PROVIDED ENTRIES below:
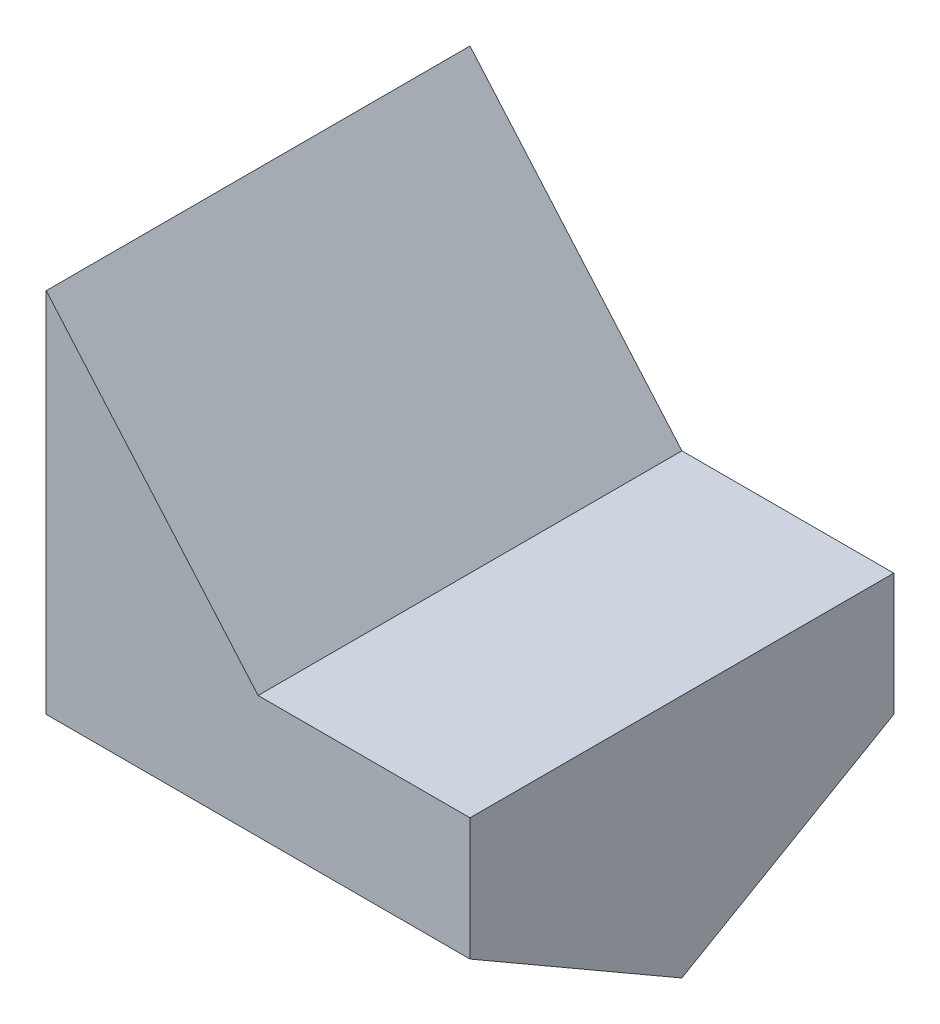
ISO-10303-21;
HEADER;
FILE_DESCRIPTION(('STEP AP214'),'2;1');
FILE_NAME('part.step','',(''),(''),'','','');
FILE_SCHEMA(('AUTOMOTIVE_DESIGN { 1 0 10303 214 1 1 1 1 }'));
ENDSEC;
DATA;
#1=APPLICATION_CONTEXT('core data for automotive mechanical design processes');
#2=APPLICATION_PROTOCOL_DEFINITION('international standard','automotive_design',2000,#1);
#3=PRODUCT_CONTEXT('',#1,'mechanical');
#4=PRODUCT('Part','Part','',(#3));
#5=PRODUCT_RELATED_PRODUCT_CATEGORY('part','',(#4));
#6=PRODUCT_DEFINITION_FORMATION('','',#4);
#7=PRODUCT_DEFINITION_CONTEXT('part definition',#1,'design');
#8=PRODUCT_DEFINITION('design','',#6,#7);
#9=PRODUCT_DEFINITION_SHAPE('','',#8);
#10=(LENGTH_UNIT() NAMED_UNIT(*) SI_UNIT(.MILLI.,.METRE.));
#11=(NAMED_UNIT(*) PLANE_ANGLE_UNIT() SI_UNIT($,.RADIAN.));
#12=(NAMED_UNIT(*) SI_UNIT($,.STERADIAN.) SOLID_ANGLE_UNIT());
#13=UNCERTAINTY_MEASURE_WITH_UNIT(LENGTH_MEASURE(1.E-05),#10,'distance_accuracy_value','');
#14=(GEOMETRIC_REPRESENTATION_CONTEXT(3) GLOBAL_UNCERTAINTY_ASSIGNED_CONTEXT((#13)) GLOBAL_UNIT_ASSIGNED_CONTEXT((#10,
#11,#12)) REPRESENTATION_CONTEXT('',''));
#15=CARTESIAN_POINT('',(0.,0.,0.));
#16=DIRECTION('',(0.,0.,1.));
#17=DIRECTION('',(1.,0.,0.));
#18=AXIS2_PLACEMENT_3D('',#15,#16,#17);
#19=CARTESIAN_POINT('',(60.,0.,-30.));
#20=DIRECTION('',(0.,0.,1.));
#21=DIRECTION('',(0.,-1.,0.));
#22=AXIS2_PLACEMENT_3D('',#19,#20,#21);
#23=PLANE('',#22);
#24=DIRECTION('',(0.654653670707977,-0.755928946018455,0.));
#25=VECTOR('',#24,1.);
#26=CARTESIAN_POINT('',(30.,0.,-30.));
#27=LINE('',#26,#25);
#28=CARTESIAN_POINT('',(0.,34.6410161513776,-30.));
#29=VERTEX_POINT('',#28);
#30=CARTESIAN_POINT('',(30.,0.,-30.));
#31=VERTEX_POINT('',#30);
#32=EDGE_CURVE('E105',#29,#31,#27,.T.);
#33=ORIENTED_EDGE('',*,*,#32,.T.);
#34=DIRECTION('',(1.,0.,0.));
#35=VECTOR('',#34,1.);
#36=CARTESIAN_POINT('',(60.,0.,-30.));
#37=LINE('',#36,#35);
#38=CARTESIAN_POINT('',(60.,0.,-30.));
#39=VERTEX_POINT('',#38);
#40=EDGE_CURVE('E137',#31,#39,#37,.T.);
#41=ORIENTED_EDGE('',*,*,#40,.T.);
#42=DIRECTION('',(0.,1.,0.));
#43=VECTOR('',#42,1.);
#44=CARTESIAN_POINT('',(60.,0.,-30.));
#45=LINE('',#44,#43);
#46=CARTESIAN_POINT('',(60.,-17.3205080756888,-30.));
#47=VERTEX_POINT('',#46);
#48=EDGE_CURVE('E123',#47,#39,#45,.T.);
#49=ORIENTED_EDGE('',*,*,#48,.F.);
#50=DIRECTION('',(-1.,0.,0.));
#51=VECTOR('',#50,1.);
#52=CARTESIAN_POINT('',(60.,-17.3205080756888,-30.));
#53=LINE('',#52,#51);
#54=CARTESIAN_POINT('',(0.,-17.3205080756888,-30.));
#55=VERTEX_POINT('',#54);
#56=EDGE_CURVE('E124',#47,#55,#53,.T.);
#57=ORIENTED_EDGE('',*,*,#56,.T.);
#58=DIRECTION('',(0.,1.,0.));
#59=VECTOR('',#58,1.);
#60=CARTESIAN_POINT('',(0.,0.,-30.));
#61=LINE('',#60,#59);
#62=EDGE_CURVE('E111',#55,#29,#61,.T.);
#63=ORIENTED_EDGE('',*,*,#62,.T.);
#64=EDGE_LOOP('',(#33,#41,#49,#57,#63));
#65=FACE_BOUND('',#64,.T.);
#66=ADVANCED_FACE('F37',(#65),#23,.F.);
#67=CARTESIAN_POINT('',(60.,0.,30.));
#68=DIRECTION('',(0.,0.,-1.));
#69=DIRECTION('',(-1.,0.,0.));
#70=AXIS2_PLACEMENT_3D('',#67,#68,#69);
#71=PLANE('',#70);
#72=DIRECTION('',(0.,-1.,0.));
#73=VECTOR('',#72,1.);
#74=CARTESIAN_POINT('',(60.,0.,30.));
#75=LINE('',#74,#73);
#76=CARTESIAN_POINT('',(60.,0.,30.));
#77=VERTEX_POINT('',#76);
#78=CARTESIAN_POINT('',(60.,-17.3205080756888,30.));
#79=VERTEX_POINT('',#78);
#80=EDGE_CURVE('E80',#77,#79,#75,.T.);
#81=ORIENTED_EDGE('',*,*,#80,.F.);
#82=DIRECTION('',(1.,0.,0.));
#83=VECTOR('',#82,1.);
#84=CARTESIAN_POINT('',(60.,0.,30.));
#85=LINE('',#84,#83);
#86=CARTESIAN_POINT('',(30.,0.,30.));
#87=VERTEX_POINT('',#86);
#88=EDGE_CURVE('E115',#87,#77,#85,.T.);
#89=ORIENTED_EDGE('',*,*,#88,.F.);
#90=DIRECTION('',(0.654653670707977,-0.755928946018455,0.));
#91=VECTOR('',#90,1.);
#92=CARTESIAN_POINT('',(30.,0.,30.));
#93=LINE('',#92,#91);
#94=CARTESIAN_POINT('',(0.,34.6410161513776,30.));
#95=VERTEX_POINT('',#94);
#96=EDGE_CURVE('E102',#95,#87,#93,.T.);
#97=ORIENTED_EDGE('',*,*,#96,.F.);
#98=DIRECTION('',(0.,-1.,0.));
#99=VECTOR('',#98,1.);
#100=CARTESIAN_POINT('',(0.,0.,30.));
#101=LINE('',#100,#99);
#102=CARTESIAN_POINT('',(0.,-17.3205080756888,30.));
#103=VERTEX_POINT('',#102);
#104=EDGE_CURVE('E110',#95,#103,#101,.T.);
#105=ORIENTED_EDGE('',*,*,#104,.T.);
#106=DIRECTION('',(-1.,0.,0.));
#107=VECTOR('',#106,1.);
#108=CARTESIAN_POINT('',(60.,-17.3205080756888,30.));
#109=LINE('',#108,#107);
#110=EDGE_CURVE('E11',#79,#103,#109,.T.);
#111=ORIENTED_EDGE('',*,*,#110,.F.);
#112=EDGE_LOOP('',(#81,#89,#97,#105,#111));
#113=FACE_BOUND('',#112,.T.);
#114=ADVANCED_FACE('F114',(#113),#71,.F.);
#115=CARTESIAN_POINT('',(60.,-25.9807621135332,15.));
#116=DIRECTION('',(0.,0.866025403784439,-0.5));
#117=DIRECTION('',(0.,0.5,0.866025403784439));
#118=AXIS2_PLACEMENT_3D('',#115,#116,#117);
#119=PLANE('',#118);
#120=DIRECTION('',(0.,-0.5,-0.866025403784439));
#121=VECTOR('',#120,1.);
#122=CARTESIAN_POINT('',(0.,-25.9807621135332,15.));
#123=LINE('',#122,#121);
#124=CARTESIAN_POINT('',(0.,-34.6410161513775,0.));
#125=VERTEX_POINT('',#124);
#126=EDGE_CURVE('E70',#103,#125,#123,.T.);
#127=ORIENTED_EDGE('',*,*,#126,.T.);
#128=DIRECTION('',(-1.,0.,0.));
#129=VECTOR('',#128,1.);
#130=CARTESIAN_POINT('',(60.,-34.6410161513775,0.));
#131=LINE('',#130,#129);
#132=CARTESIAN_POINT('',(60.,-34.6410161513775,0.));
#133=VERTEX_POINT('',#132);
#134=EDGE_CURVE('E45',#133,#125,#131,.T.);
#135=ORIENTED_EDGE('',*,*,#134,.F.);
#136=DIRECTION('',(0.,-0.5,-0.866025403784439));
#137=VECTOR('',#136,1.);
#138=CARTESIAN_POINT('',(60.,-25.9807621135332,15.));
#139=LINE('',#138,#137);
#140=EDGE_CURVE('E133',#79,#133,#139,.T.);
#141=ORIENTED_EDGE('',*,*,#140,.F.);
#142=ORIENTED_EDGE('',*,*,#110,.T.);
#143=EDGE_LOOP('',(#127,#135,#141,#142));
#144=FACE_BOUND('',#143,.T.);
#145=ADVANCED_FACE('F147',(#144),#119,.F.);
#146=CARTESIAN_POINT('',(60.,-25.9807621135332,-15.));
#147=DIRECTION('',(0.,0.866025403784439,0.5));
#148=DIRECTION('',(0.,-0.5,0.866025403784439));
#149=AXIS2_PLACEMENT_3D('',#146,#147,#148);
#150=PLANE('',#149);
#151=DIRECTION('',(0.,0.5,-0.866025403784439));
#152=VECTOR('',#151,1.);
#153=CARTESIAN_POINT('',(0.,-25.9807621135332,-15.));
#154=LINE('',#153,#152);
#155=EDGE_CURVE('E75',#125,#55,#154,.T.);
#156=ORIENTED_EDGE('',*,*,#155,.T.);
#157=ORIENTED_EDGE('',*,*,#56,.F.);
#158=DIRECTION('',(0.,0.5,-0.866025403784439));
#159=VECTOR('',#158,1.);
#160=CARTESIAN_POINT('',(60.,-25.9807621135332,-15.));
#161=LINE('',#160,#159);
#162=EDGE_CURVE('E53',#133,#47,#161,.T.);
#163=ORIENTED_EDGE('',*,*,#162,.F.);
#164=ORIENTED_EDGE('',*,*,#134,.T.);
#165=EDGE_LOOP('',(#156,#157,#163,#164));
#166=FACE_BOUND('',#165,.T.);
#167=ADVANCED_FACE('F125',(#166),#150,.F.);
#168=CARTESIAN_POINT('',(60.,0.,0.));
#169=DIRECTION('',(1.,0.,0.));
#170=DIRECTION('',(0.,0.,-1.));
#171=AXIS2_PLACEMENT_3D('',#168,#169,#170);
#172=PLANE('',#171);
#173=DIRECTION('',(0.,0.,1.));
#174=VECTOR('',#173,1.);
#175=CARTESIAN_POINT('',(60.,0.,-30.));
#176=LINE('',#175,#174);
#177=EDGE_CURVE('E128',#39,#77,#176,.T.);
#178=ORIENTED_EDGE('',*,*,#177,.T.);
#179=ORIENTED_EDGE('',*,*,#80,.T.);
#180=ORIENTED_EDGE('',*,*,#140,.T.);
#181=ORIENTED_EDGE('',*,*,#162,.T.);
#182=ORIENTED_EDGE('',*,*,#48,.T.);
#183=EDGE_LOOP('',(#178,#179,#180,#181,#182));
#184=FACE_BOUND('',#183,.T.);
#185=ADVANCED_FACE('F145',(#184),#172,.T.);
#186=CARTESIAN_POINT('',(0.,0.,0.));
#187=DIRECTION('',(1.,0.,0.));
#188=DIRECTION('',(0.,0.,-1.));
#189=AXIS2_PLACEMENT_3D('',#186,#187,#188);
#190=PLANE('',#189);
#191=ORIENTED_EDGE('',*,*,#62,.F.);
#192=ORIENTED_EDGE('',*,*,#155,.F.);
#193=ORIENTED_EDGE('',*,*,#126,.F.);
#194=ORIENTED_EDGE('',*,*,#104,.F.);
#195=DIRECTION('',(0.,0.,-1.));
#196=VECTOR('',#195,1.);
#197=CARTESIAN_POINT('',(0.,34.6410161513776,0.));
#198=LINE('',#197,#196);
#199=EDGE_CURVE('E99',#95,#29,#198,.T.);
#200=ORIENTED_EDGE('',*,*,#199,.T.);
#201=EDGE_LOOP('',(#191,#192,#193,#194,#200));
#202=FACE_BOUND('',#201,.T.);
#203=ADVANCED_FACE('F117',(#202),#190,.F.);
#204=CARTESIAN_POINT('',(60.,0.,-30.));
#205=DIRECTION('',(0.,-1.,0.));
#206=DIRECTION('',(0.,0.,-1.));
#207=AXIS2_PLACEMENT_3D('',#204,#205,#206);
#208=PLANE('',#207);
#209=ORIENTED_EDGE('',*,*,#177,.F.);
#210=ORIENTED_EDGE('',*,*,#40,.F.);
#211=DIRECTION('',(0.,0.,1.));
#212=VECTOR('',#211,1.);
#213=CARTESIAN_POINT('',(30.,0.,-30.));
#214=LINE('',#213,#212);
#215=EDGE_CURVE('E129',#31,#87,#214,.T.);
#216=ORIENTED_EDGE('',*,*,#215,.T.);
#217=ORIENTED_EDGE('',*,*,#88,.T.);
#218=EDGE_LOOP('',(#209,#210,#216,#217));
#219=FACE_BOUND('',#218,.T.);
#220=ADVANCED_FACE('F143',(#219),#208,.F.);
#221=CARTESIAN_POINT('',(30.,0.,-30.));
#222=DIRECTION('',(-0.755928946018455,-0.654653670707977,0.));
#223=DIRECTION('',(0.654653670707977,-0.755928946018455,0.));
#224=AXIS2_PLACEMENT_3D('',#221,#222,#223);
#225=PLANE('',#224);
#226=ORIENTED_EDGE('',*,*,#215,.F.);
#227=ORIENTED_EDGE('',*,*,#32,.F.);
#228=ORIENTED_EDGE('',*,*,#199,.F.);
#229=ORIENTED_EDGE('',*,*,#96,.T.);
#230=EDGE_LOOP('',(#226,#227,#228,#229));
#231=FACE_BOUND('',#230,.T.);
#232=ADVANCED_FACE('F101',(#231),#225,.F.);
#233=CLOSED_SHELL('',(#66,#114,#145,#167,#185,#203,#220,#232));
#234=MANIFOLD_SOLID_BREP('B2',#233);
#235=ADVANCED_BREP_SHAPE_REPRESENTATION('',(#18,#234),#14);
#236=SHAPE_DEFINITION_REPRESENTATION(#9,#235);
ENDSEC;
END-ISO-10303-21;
End of PROVIDED ENTRIES.
## PROBLEM DETAILS
For the data above, state how many lines contain "mechanical"; the number is the whole answer.

## RESPONSE FOR THIS EXERCISE
2